In Figs.1-3 a “o” represents a hole, and a “*” a marble in a hole. Thus, Fig.1 shows the empty board, Fig.2 the staring position (32 marbles), and Fig.3 the target end position. My solution was to encode each board position as 33 bits, with 0 for a hole and 1 for a marble. Threads in a worker pool took known board positions from a work pile and found all possible news moves, which were then added to the work pile. Exploiting rotational and reflectional symmetry, each new board position becomes up to eight possible board positions.

By coding the 33 bits as shown in Figs.4-5 I was able to make rotation a simple byte swap. Reflection is harder, but only needs to be done once (since the remaining three reflections and be achieved by rotating the first reflection). The really extravagant part was adding an 8GB char array to record board positions that had already been seen (and which, therefore didn’t require to be explored again).

The result was a solution in just 2 seconds, with all possible board positions being found within 30 seconds. Sun hardware and my expertise in multithreading has moved on a lot in the intervening years. I’m now itching to try the exercise again on an T5220!

The WOT (Wall Of Terminals)

The Wall Of Terminals was a high-tech response to something a competitor was doing in their benchmarking centre with 50 dumb terminals, namely showing the state of simulated users during large scale multiuser testing.

My design consisted of the following hardware:

  • a custom built piece of furniture
  • six dual-headed SPARCstation 5 workstations
  • two triple-headed SPARCstation 10 workstations
  • eighteen premium 21 inch Sun monitors

and the following software:

    • scripts for building cloned diskless boot environments for the eight workstations
    • a CDE application which multiplexed up to 48 DtTerm widgets in one window
    • a multithreaded application routing up to 864 pseudo terminals across 18 instances of the above
    • a Java applet to reconfigure the number of DtTerm widgets displayed on the fly, and to select one to zoom

The WOT was instrumental in winning a huge MRP deal in the aerospace industry, but also proved very useful as a collection of eighteen X11 screen for displaying just about any benchmark data.

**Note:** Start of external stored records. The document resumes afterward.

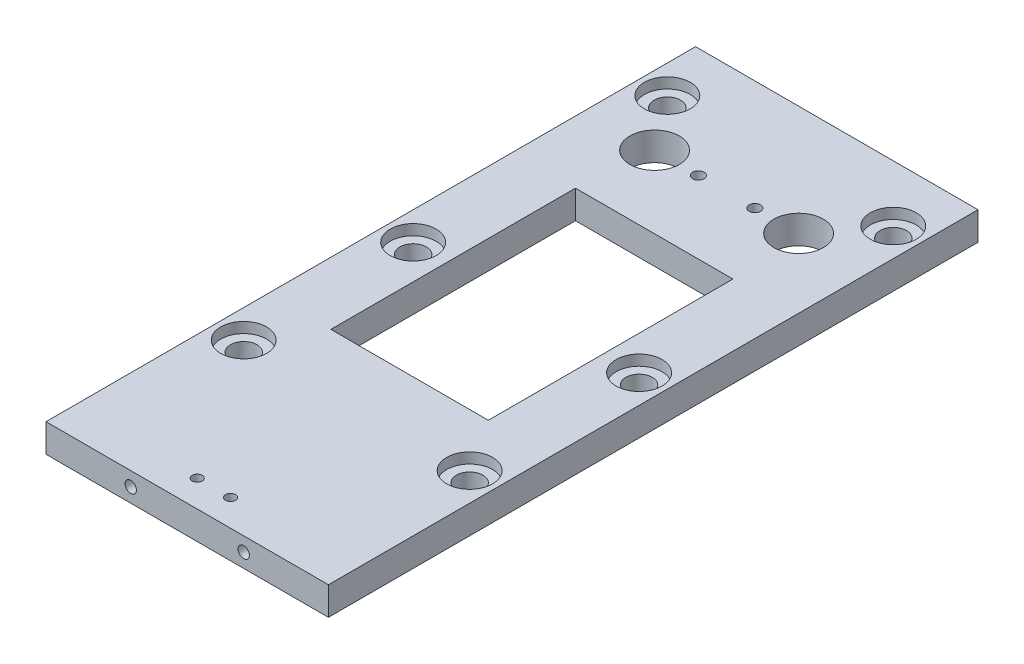
ISO-10303-21;
HEADER;
FILE_DESCRIPTION(('STEP AP214'),'2;1');
FILE_NAME('part.step','',(''),(''),'','','');
FILE_SCHEMA(('AUTOMOTIVE_DESIGN { 1 0 10303 214 1 1 1 1 }'));
ENDSEC;
DATA;
#1=APPLICATION_CONTEXT('core data for automotive mechanical design processes');
#2=APPLICATION_PROTOCOL_DEFINITION('international standard','automotive_design',2000,#1);
#3=PRODUCT_CONTEXT('',#1,'mechanical');
#4=PRODUCT('Part','Part','',(#3));
#5=PRODUCT_RELATED_PRODUCT_CATEGORY('part','',(#4));
#6=PRODUCT_DEFINITION_FORMATION('','',#4);
#7=PRODUCT_DEFINITION_CONTEXT('part definition',#1,'design');
#8=PRODUCT_DEFINITION('design','',#6,#7);
#9=PRODUCT_DEFINITION_SHAPE('','',#8);
#10=(LENGTH_UNIT() NAMED_UNIT(*) SI_UNIT(.MILLI.,.METRE.));
#11=(NAMED_UNIT(*) PLANE_ANGLE_UNIT() SI_UNIT($,.RADIAN.));
#12=(NAMED_UNIT(*) SI_UNIT($,.STERADIAN.) SOLID_ANGLE_UNIT());
#13=UNCERTAINTY_MEASURE_WITH_UNIT(LENGTH_MEASURE(1.E-05),#10,'distance_accuracy_value','');
#14=(GEOMETRIC_REPRESENTATION_CONTEXT(3) GLOBAL_UNCERTAINTY_ASSIGNED_CONTEXT((#13)) GLOBAL_UNIT_ASSIGNED_CONTEXT((#10,
#11,#12)) REPRESENTATION_CONTEXT('',''));
#15=CARTESIAN_POINT('',(0.,0.,0.));
#16=DIRECTION('',(0.,0.,1.));
#17=DIRECTION('',(1.,0.,0.));
#18=AXIS2_PLACEMENT_3D('',#15,#16,#17);
#19=CARTESIAN_POINT('',(0.,12.7,0.));
#20=DIRECTION('',(0.,-1.,0.));
#21=DIRECTION('',(0.,0.,-1.));
#22=AXIS2_PLACEMENT_3D('',#19,#20,#21);
#23=PLANE('',#22);
#24=CARTESIAN_POINT('',(50.8,12.7,3.79999999999998));
#25=DIRECTION('',(0.,1.,0.));
#26=DIRECTION('',(0.,0.,1.));
#27=AXIS2_PLACEMENT_3D('',#24,#25,#26);
#28=CIRCLE('',#27,10.3251);
#29=CARTESIAN_POINT('',(50.8,12.7,14.1251));
#30=VERTEX_POINT('',#29);
#31=EDGE_CURVE('E374',#30,#30,#28,.T.);
#32=ORIENTED_EDGE('',*,*,#31,.F.);
#33=EDGE_LOOP('',(#32));
#34=FACE_BOUND('',#33,.T.);
#35=CARTESIAN_POINT('',(50.8,12.7,-72.4));
#36=DIRECTION('',(0.,1.,0.));
#37=DIRECTION('',(0.,0.,1.));
#38=AXIS2_PLACEMENT_3D('',#35,#36,#37);
#39=CIRCLE('',#38,10.3251);
#40=CARTESIAN_POINT('',(50.8,12.7,-62.0749));
#41=VERTEX_POINT('',#40);
#42=EDGE_CURVE('E406',#41,#41,#39,.T.);
#43=ORIENTED_EDGE('',*,*,#42,.F.);
#44=EDGE_LOOP('',(#43));
#45=FACE_BOUND('',#44,.T.);
#46=CARTESIAN_POINT('',(50.8,12.7,-186.7));
#47=DIRECTION('',(0.,1.,0.));
#48=DIRECTION('',(0.,0.,1.));
#49=AXIS2_PLACEMENT_3D('',#46,#47,#48);
#50=CIRCLE('',#49,10.3251);
#51=CARTESIAN_POINT('',(50.8,12.7,-176.3749));
#52=VERTEX_POINT('',#51);
#53=EDGE_CURVE('E390',#52,#52,#50,.T.);
#54=ORIENTED_EDGE('',*,*,#53,.F.);
#55=EDGE_LOOP('',(#54));
#56=FACE_BOUND('',#55,.T.);
#57=CARTESIAN_POINT('',(-50.8,12.7000000000003,3.80000000000001));
#58=DIRECTION('',(0.,1.,0.));
#59=DIRECTION('',(0.,0.,1.));
#60=AXIS2_PLACEMENT_3D('',#57,#58,#59);
#61=CIRCLE('',#60,10.3251);
#62=CARTESIAN_POINT('',(-50.8,12.7000000000003,14.1251));
#63=VERTEX_POINT('',#62);
#64=EDGE_CURVE('E316',#63,#63,#61,.T.);
#65=ORIENTED_EDGE('',*,*,#64,.F.);
#66=EDGE_LOOP('',(#65));
#67=FACE_BOUND('',#66,.T.);
#68=CARTESIAN_POINT('',(-50.8,12.7000000000003,-72.4));
#69=DIRECTION('',(0.,1.,0.));
#70=DIRECTION('',(0.,0.,1.));
#71=AXIS2_PLACEMENT_3D('',#68,#69,#70);
#72=CIRCLE('',#71,10.3251);
#73=CARTESIAN_POINT('',(-50.8,12.7000000000003,-62.0749));
#74=VERTEX_POINT('',#73);
#75=EDGE_CURVE('E348',#74,#74,#72,.T.);
#76=ORIENTED_EDGE('',*,*,#75,.F.);
#77=EDGE_LOOP('',(#76));
#78=FACE_BOUND('',#77,.T.);
#79=CARTESIAN_POINT('',(-50.8000000000001,12.7000000000003,-186.7));
#80=DIRECTION('',(0.,1.,0.));
#81=DIRECTION('',(0.,0.,1.));
#82=AXIS2_PLACEMENT_3D('',#79,#80,#81);
#83=CIRCLE('',#82,10.3251);
#84=CARTESIAN_POINT('',(-50.8000000000001,12.7000000000003,-176.3749));
#85=VERTEX_POINT('',#84);
#86=EDGE_CURVE('E332',#85,#85,#83,.T.);
#87=ORIENTED_EDGE('',*,*,#86,.F.);
#88=EDGE_LOOP('',(#87));
#89=FACE_BOUND('',#88,.T.);
#90=DIRECTION('',(0.,0.,1.));
#91=VECTOR('',#90,1.);
#92=CARTESIAN_POINT('',(-63.4999999999999,12.7000000000003,80.));
#93=LINE('',#92,#91);
#94=CARTESIAN_POINT('',(-63.5000000000001,12.7000000000003,-212.1));
#95=VERTEX_POINT('',#94);
#96=CARTESIAN_POINT('',(-63.4999999999999,12.7000000000003,80.));
#97=VERTEX_POINT('',#96);
#98=EDGE_CURVE('E364',#95,#97,#93,.T.);
#99=ORIENTED_EDGE('',*,*,#98,.T.);
#100=DIRECTION('',(-1.,0.,0.));
#101=VECTOR('',#100,1.);
#102=CARTESIAN_POINT('',(25.4,12.7,80.));
#103=LINE('',#102,#101);
#104=CARTESIAN_POINT('',(63.5,12.7,80.));
#105=VERTEX_POINT('',#104);
#106=EDGE_CURVE('E165',#105,#97,#103,.T.);
#107=ORIENTED_EDGE('',*,*,#106,.F.);
#108=DIRECTION('',(0.,0.,1.));
#109=VECTOR('',#108,1.);
#110=CARTESIAN_POINT('',(63.5,12.7,80.));
#111=LINE('',#110,#109);
#112=CARTESIAN_POINT('',(63.5,12.7,-212.1));
#113=VERTEX_POINT('',#112);
#114=EDGE_CURVE('E159',#113,#105,#111,.T.);
#115=ORIENTED_EDGE('',*,*,#114,.F.);
#116=DIRECTION('',(1.,0.,0.));
#117=VECTOR('',#116,1.);
#118=CARTESIAN_POINT('',(-63.5000000000001,12.7000000000003,-212.1));
#119=LINE('',#118,#117);
#120=EDGE_CURVE('E137',#95,#113,#119,.T.);
#121=ORIENTED_EDGE('',*,*,#120,.F.);
#122=EDGE_LOOP('',(#99,#107,#115,#121));
#123=FACE_BOUND('',#122,.T.);
#124=DIRECTION('',(1.,0.,0.));
#125=VECTOR('',#124,1.);
#126=CARTESIAN_POINT('',(35.4,12.7,-20.));
#127=LINE('',#126,#125);
#128=CARTESIAN_POINT('',(-35.4,12.7,-20.));
#129=VERTEX_POINT('',#128);
#130=CARTESIAN_POINT('',(35.4,12.7,-20.));
#131=VERTEX_POINT('',#130);
#132=EDGE_CURVE('E258',#129,#131,#127,.T.);
#133=ORIENTED_EDGE('',*,*,#132,.F.);
#134=DIRECTION('',(0.,0.,1.));
#135=VECTOR('',#134,1.);
#136=CARTESIAN_POINT('',(-35.4,12.7,-130.));
#137=LINE('',#136,#135);
#138=CARTESIAN_POINT('',(-35.4,12.7,-130.));
#139=VERTEX_POINT('',#138);
#140=EDGE_CURVE('E262',#139,#129,#137,.T.);
#141=ORIENTED_EDGE('',*,*,#140,.F.);
#142=DIRECTION('',(-1.,0.,0.));
#143=VECTOR('',#142,1.);
#144=CARTESIAN_POINT('',(35.4,12.7,-130.));
#145=LINE('',#144,#143);
#146=CARTESIAN_POINT('',(35.4,12.7,-130.));
#147=VERTEX_POINT('',#146);
#148=EDGE_CURVE('E266',#147,#139,#145,.T.);
#149=ORIENTED_EDGE('',*,*,#148,.F.);
#150=DIRECTION('',(0.,0.,-1.));
#151=VECTOR('',#150,1.);
#152=CARTESIAN_POINT('',(35.4,12.7,-130.));
#153=LINE('',#152,#151);
#154=EDGE_CURVE('E257',#131,#147,#153,.T.);
#155=ORIENTED_EDGE('',*,*,#154,.F.);
#156=EDGE_LOOP('',(#133,#141,#149,#155));
#157=FACE_BOUND('',#156,.T.);
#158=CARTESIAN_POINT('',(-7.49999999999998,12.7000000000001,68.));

My WOT also won an innovation award at the second Sun Technical Symposium in San Francisco.

Oracle, poll() and nanosleep()

Whilst on my first SE Job Rotation to Mountain View, I noticed that Oracle was using poll(0,0,10) as a “cheap” sleep mechanism (it is, after all, cheaper than the usleep() SIGALRM dance). However, at that time Solaris had a clunky implementation of poll() which did not scale well (see below). My solution was to write an interposing shared library (something very new in those days) which mapped poll() onto nanosleep() for the sleep only case. We told our Oracle engineering contacts about what I had done, but heard nothing. About a year later I was running truss on Oracle, and noticed that they had implemented my recommendation.

mt.telnetd

One of the early challenges for systems like the SPARCcenter2000 was that Solaris only supported 48 TELNET users by default. But as this limit was removed, Solaris would die from heavy lock contention triggered by in.telnetd in poll(). Whilst on my first SE Job Rotation, it seemed to me that the obvious solution was to recode the TELNET service using a STREAMS module. At the time I didn’t have the kernel skills to do this, but I knew someone who did. However, they needed a business case to do the work. I implemented a poll()-free TELNET service using the newly available user-level threads library (i.e. one process handling hundred of TELNET sessions). My data provided the business case, and in.telnetd was given its STREAMS implementation.